Friday, December 18, 2020

Get the message

Sometimes I wonder why the Info Tech people call a pc sitting on someone's desk a "machine." After all, a machine is "apparatus using or applying mechanical power and having several parts, each with a definite function and together performing a particular task." Least, that's what the dictionary says. 

So to be a machine, something mechanical must be going on, or something has to be moving? Can't always say that about a lot of office pc's. On most of them, nothing is moving, not even the operator.
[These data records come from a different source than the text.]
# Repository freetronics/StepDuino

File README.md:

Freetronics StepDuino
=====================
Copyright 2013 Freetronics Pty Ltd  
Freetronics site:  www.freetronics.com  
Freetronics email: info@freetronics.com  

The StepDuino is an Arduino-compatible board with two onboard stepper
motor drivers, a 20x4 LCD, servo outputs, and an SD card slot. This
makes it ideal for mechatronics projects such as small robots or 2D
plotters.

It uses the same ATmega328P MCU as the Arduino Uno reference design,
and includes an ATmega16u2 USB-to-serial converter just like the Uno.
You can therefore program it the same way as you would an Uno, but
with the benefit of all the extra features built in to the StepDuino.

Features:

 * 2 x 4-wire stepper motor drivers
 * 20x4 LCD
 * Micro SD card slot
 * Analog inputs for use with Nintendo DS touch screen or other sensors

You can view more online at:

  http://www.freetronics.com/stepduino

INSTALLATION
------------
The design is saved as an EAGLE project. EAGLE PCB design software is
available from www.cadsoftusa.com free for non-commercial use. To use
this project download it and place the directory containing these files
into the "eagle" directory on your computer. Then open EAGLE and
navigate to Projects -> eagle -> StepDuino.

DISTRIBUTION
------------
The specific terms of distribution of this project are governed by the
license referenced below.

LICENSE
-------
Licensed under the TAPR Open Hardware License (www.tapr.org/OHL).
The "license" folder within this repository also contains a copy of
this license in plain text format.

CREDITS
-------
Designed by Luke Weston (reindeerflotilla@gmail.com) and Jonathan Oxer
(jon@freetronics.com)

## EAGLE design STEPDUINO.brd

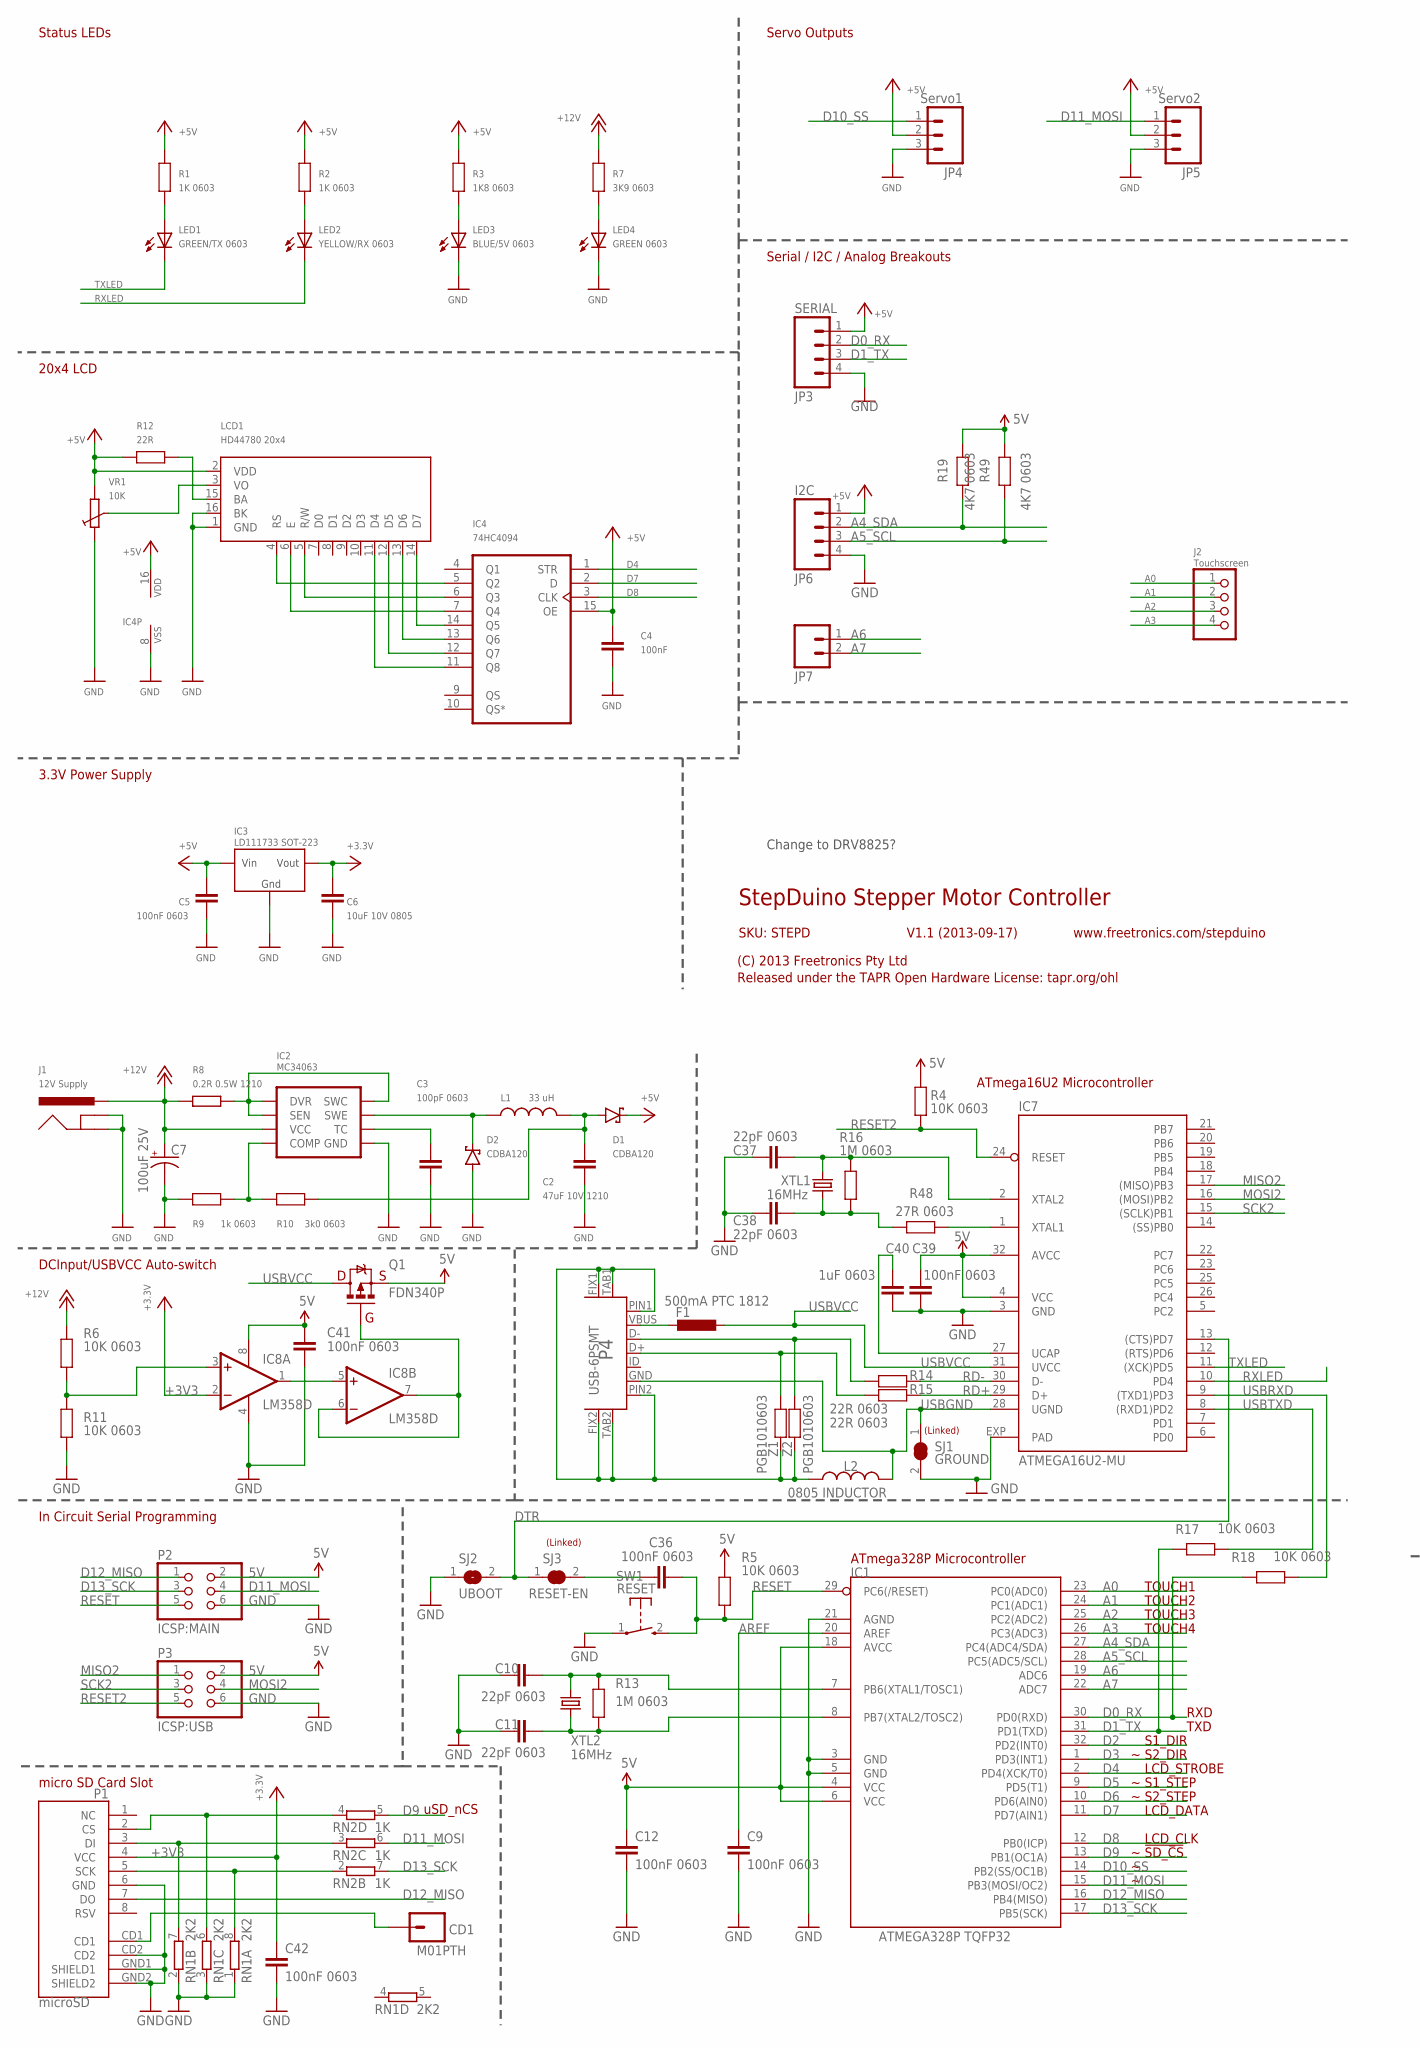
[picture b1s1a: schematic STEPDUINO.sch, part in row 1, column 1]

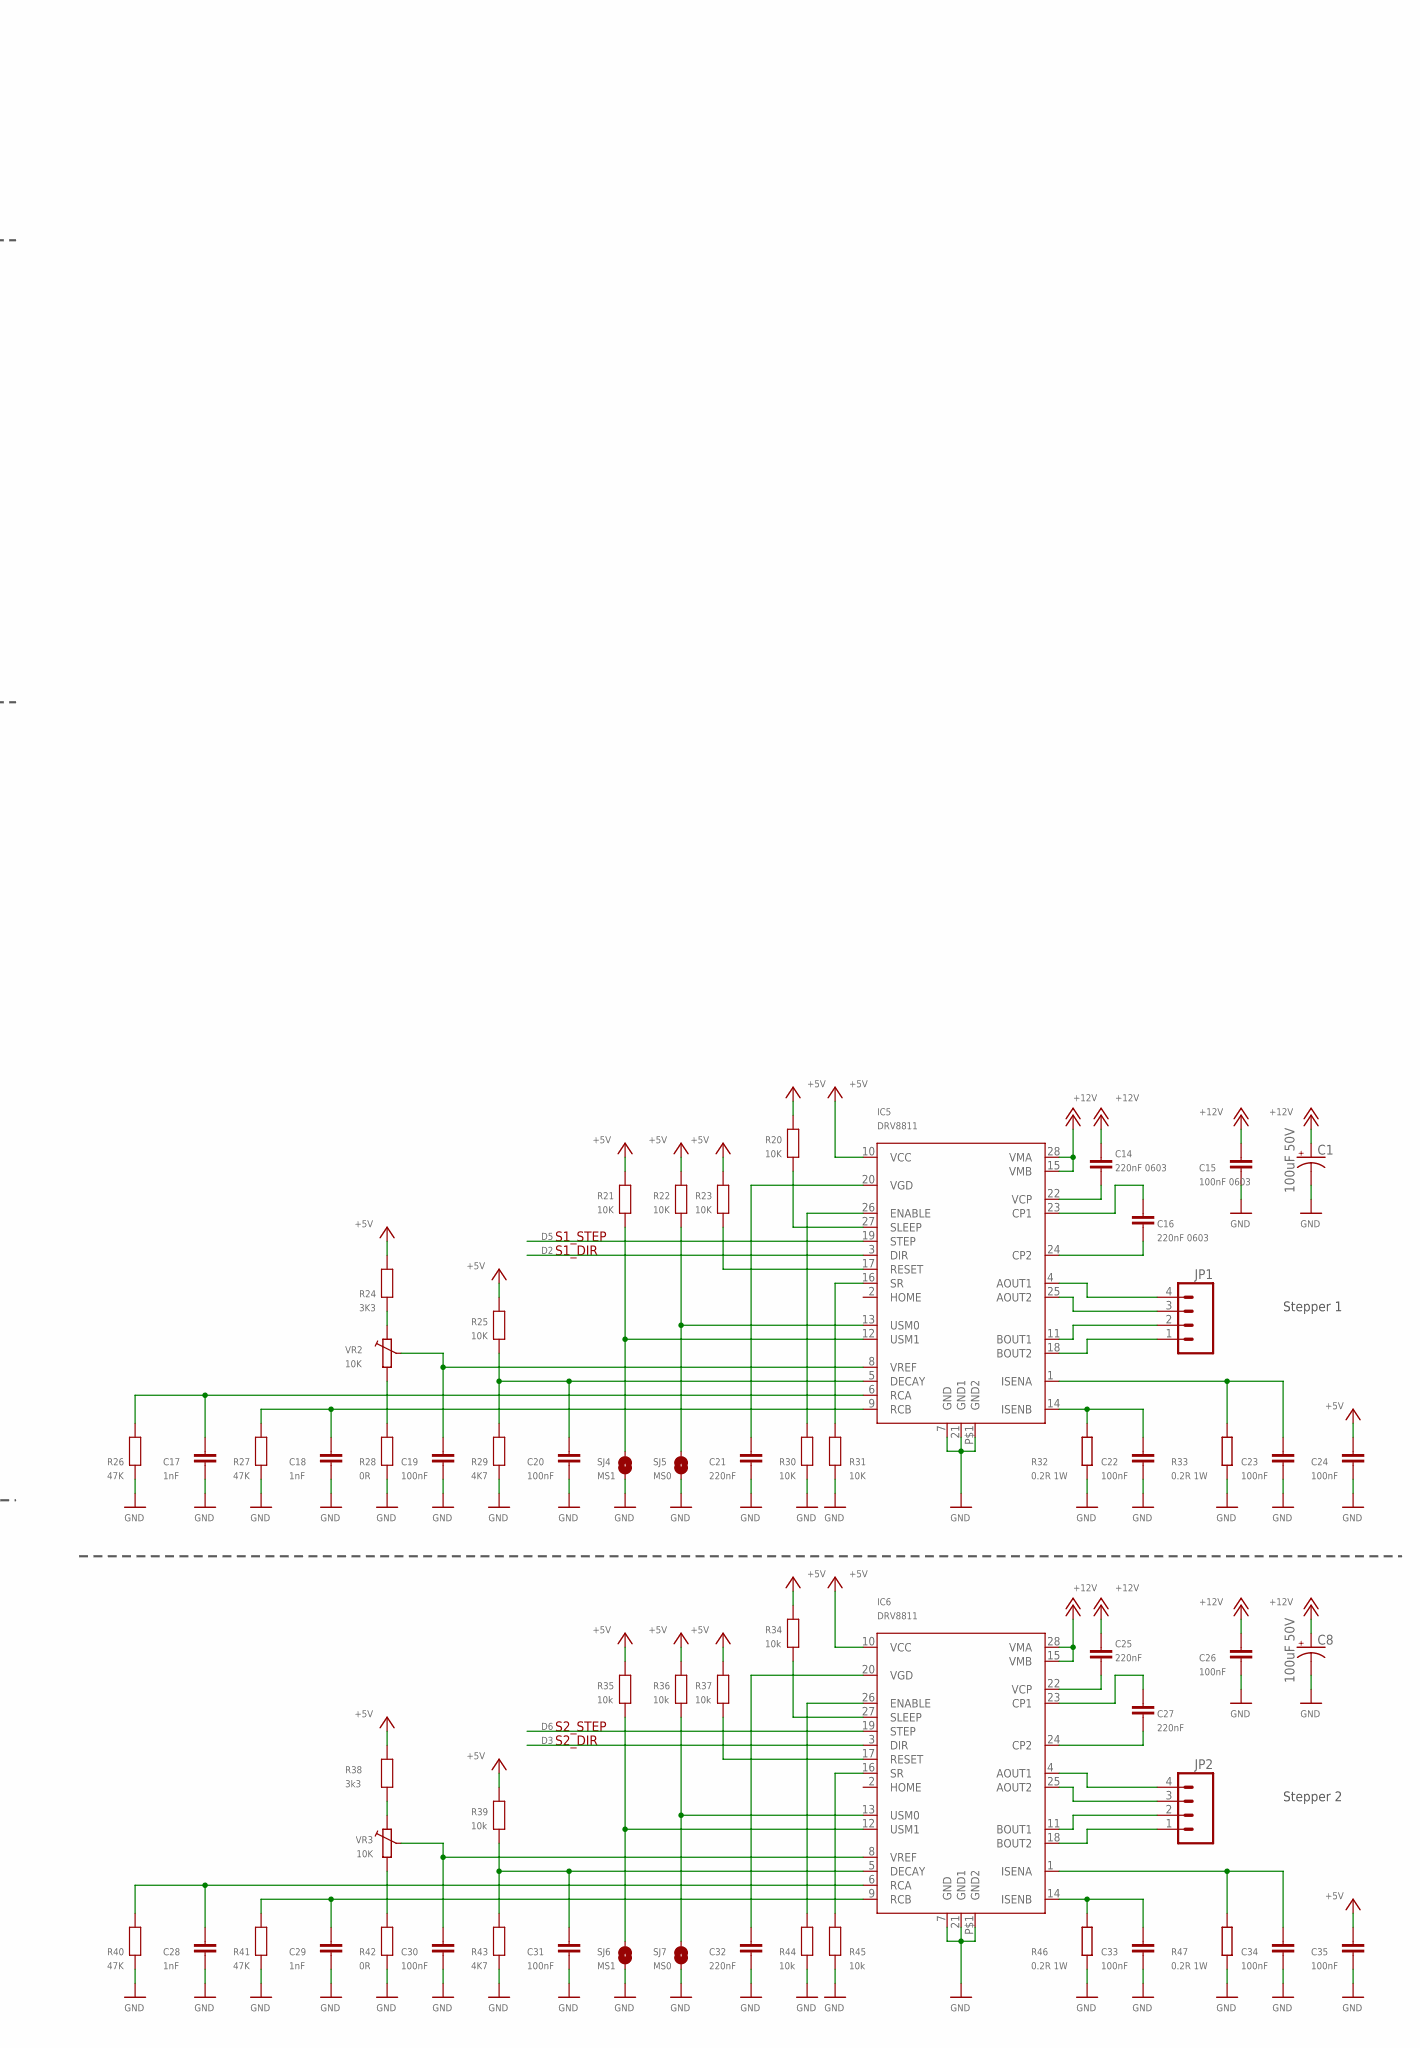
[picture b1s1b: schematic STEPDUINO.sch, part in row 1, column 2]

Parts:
C1, C8: 100uF 50V; PANASONIC_E
C2: 47uF 10V 1210; C1210
C3: 100pF 0603; 0603
C4, C19, C20, C22, C23, C24, C26, C30, C31, C33, C34, C35: 100nF; 0603
C5, C9, C12, C15, C36, C39, C41, C42: 100nF 0603; 0603
C6: 10uF 10V 0805; 0805
C7: 100uF 25V; PANASONIC_E
C10, C11, C37, C38: 22pF 0603; 0603
C14, C16: 220nF 0603; 0603
C17, C18, C28, C29: 1nF; 0603
C21, C25, C27, C32: 220nF; 0603
C40: 1uF 0603; 0603
CD1: M01PTH; 1X01
D1, D2: CDBA120; SMA
F1: 500mA PTC 1812; L1812
IC1: ATMEGA328P TQFP32; TQFP32-08
IC2: MC34063; SO08
IC3: LD111733 SOT-223; SOT223
IC4: 74HC4094; SO16@1
IC5, IC6: DRV8811; HTSSOP28
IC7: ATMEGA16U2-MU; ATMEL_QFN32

But maybe this is why. The Nazis invented a form of computer called the coding machine or "enigma" machine, to keep their business a secret during World War II. It was a sort of typewriter that would automatically type a coded letter for whatever you typed. Rotors and gears would mix up the letters to produce gibberish, and when a person at the other end got the message, he would type the crazy words into his machine, which would print out the correct message as he typed.


By so doing, the Nazis figured they would be keeping their troop movements and attack plans a secret.  Ask your history teacher how that worked out.

And not too long ago, a dive team was in the Baltic Sea, looking to retrieve old discarded fishing nets to save marine life from getting caught up in them when they found one of those old coding machines on the sea floor, between Davey Jones's locker and Spongebob's. 

Like anything else thought to be unimpregnable, the enigma machine was no match for the rest of the world's top non-German minds, and the our side figured out how to crack the code and soon we knew what Hitler wanted for lunch (braunschweiger on rye with a pickle and a beer) before his people even had a chance to order it.

This machine is being restored and will be on display at a German museum.

The modern equivalent to all these scrambled letters is any message I get from certain friends on my phone. With all the abbreviations and acronyms and slangy jargon, most of them are enigmas to me.